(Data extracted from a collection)
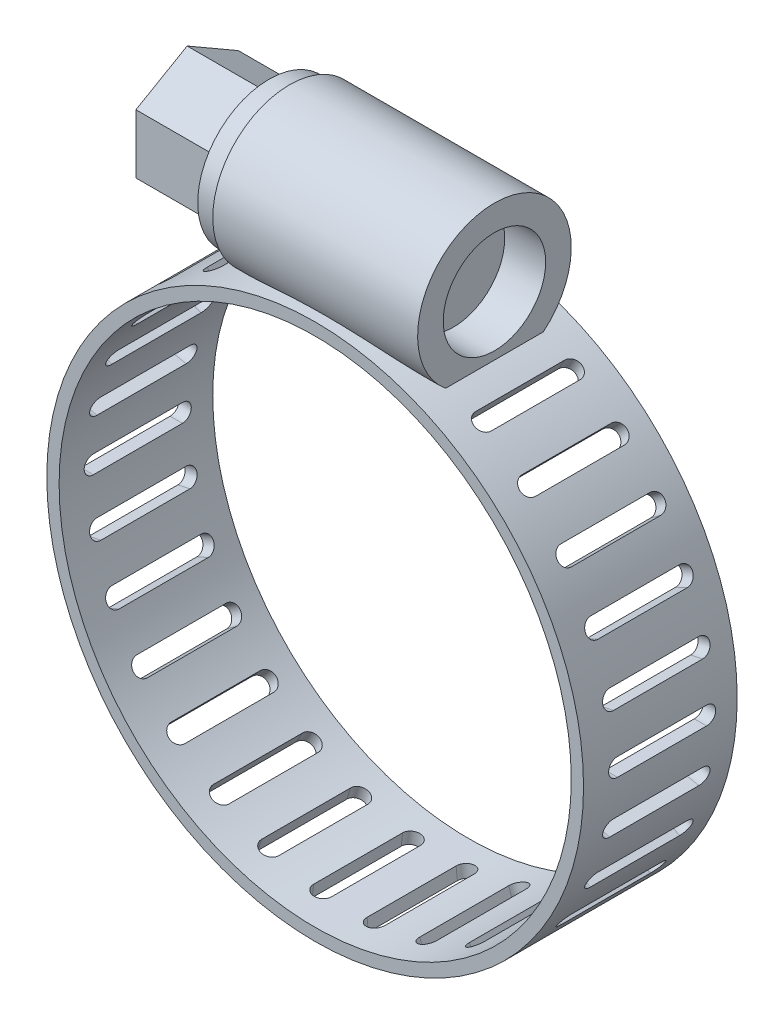
from build123d import *

# Parameters (mm, degrees)
SKETCH1_R           = 16.637
SKETCH1_R_2         = 15.875
BOSS_EXTRUDE1_DEPTH = 9.525
CUT_EXTRUDE1_DEPTH  = 26.383166922
CIRPATTERN1_COUNT   = 30
SKETCH3_R           = 4.7625
BOSS_EXTRUDE2_DEPTH = 6.35
BOSS_EXTRUDE3_DEPTH = 6.35
SKETCH5_R           = 4.424890591
BOSS_EXTRUDE4_DEPTH = 1.27
SKETCH6_R           = 3.175
CUT_EXTRUDE2_DEPTH  = 2.54


with BuildPart() as part:
    # Sketch1 → Boss-Extrude1 (new body)
    with BuildSketch(Plane.XY):
        Circle(SKETCH1_R)
        Circle(SKETCH1_R_2, mode=Mode.SUBTRACT)
    extrude(amount=BOSS_EXTRUDE1_DEPTH)

    # Sketch2 → Cut-Extrude1 (cut, through all)
    with BuildSketch(Plane(origin=(0, 0, 0), x_dir=(0, 0, -1), z_dir=(1, 0, 0))):
        with BuildLine():
            Line((-7.410641086, 0.559466427), (-1.890572344, 0.559466427))
            ThreePointArc((-1.890572344, 0.559466427), (-1.331105917, 0), (-1.890572344, -0.559466427))
            Line((-1.890572344, -0.559466427), (-7.410641086, -0.559466427))
            ThreePointArc((-7.410641086, -0.559466427), (-7.970107512, 0), (-7.410641086, 0.559466427))
        make_face()
    cut_extrude1 = extrude(amount=-CUT_EXTRUDE1_DEPTH, mode=Mode.SUBTRACT)

    # CirPattern1: Cut-Extrude1 ×30 about axis
    cirpattern1_axis = Axis((0, 0, 9.525), (0, 0, -1))
    for i in range(1, CIRPATTERN1_COUNT):
        add(cut_extrude1.rotate(cirpattern1_axis, i * 360 / CIRPATTERN1_COUNT), mode=Mode.SUBTRACT)

    # Sketch3 → Boss-Extrude2 (add, symmetric)
    with BuildSketch(Plane(origin=(0, 0, 0), x_dir=(0, 0, -1), z_dir=(1, 0, 0))):
        with Locations((-4.7625, 19.05)):
            Circle(SKETCH3_R)
    extrude(amount=BOSS_EXTRUDE2_DEPTH, both=True)

    # Sketch4 → Boss-Extrude3 (add)
    with BuildSketch(Plane.ZY.offset(6.35)):
        Polygon((4.7625, 22.716174209), (1.5875, 20.883087105), (1.5875, 17.216912895), (4.7625, 15.383825791), (7.9375, 17.216912895), (7.9375, 20.883087105), align=None)
    extrude(amount=BOSS_EXTRUDE3_DEPTH)

    # Sketch5 → Boss-Extrude4 (add)
    with BuildSketch(Plane.ZY.offset(6.35)):
        with Locations((4.7625, 19.05)):
            Circle(SKETCH5_R)
    extrude(amount=BOSS_EXTRUDE4_DEPTH)

    # Sketch6 → Cut-Extrude2 (cut)
    with BuildSketch(Plane(origin=(6.35, 0, 0), x_dir=(0, 0, -1), z_dir=(1, 0, 0))):
        with Locations((-4.7625, 19.05)):
            Circle(SKETCH6_R)
    extrude(amount=-CUT_EXTRUDE2_DEPTH, mode=Mode.SUBTRACT)


solid = part.part

(DIRECTIONS FOR THIS TASK):
Each of the entries above must be output exactly, with none of the pictures.

(RESULT FOR THIS EXERCISE):
from build123d import *

# Parameters (mm, degrees)
SKETCH1_R           = 16.637
SKETCH1_R_2         = 15.875
BOSS_EXTRUDE1_DEPTH = 9.525
CUT_EXTRUDE1_DEPTH  = 26.383166922
CIRPATTERN1_COUNT   = 30
SKETCH3_R           = 4.7625
BOSS_EXTRUDE2_DEPTH = 6.35
BOSS_EXTRUDE3_DEPTH = 6.35
SKETCH5_R           = 4.424890591
BOSS_EXTRUDE4_DEPTH = 1.27
SKETCH6_R           = 3.175
CUT_EXTRUDE2_DEPTH  = 2.54


with BuildPart() as part:
    # Sketch1 → Boss-Extrude1 (new body)
    with BuildSketch(Plane.XY):
        Circle(SKETCH1_R)
        Circle(SKETCH1_R_2, mode=Mode.SUBTRACT)
    extrude(amount=BOSS_EXTRUDE1_DEPTH)

    # Sketch2 → Cut-Extrude1 (cut, through all)
    with BuildSketch(Plane(origin=(0, 0, 0), x_dir=(0, 0, -1), z_dir=(1, 0, 0))):
        with BuildLine():
            Line((-7.410641086, 0.559466427), (-1.890572344, 0.559466427))
            ThreePointArc((-1.890572344, 0.559466427), (-1.331105917, 0), (-1.890572344, -0.559466427))
            Line((-1.890572344, -0.559466427), (-7.410641086, -0.559466427))
            ThreePointArc((-7.410641086, -0.559466427), (-7.970107512, 0), (-7.410641086, 0.559466427))
        make_face()
    cut_extrude1 = extrude(amount=-CUT_EXTRUDE1_DEPTH, mode=Mode.SUBTRACT)

    # CirPattern1: Cut-Extrude1 ×30 about axis
    cirpattern1_axis = Axis((0, 0, 9.525), (0, 0, -1))
    for i in range(1, CIRPATTERN1_COUNT):
        add(cut_extrude1.rotate(cirpattern1_axis, i * 360 / CIRPATTERN1_COUNT), mode=Mode.SUBTRACT)

    # Sketch3 → Boss-Extrude2 (add, symmetric)
    with BuildSketch(Plane(origin=(0, 0, 0), x_dir=(0, 0, -1), z_dir=(1, 0, 0))):
        with Locations((-4.7625, 19.05)):
            Circle(SKETCH3_R)
    extrude(amount=BOSS_EXTRUDE2_DEPTH, both=True)

    # Sketch4 → Boss-Extrude3 (add)
    with BuildSketch(Plane.ZY.offset(6.35)):
        Polygon((4.7625, 22.716174209), (1.5875, 20.883087105), (1.5875, 17.216912895), (4.7625, 15.383825791), (7.9375, 17.216912895), (7.9375, 20.883087105), align=None)
    extrude(amount=BOSS_EXTRUDE3_DEPTH)

    # Sketch5 → Boss-Extrude4 (add)
    with BuildSketch(Plane.ZY.offset(6.35)):
        with Locations((4.7625, 19.05)):
            Circle(SKETCH5_R)
    extrude(amount=BOSS_EXTRUDE4_DEPTH)

    # Sketch6 → Cut-Extrude2 (cut)
    with BuildSketch(Plane(origin=(6.35, 0, 0), x_dir=(0, 0, -1), z_dir=(1, 0, 0))):
        with Locations((-4.7625, 19.05)):
            Circle(SKETCH6_R)
    extrude(amount=-CUT_EXTRUDE2_DEPTH, mode=Mode.SUBTRACT)


solid = part.part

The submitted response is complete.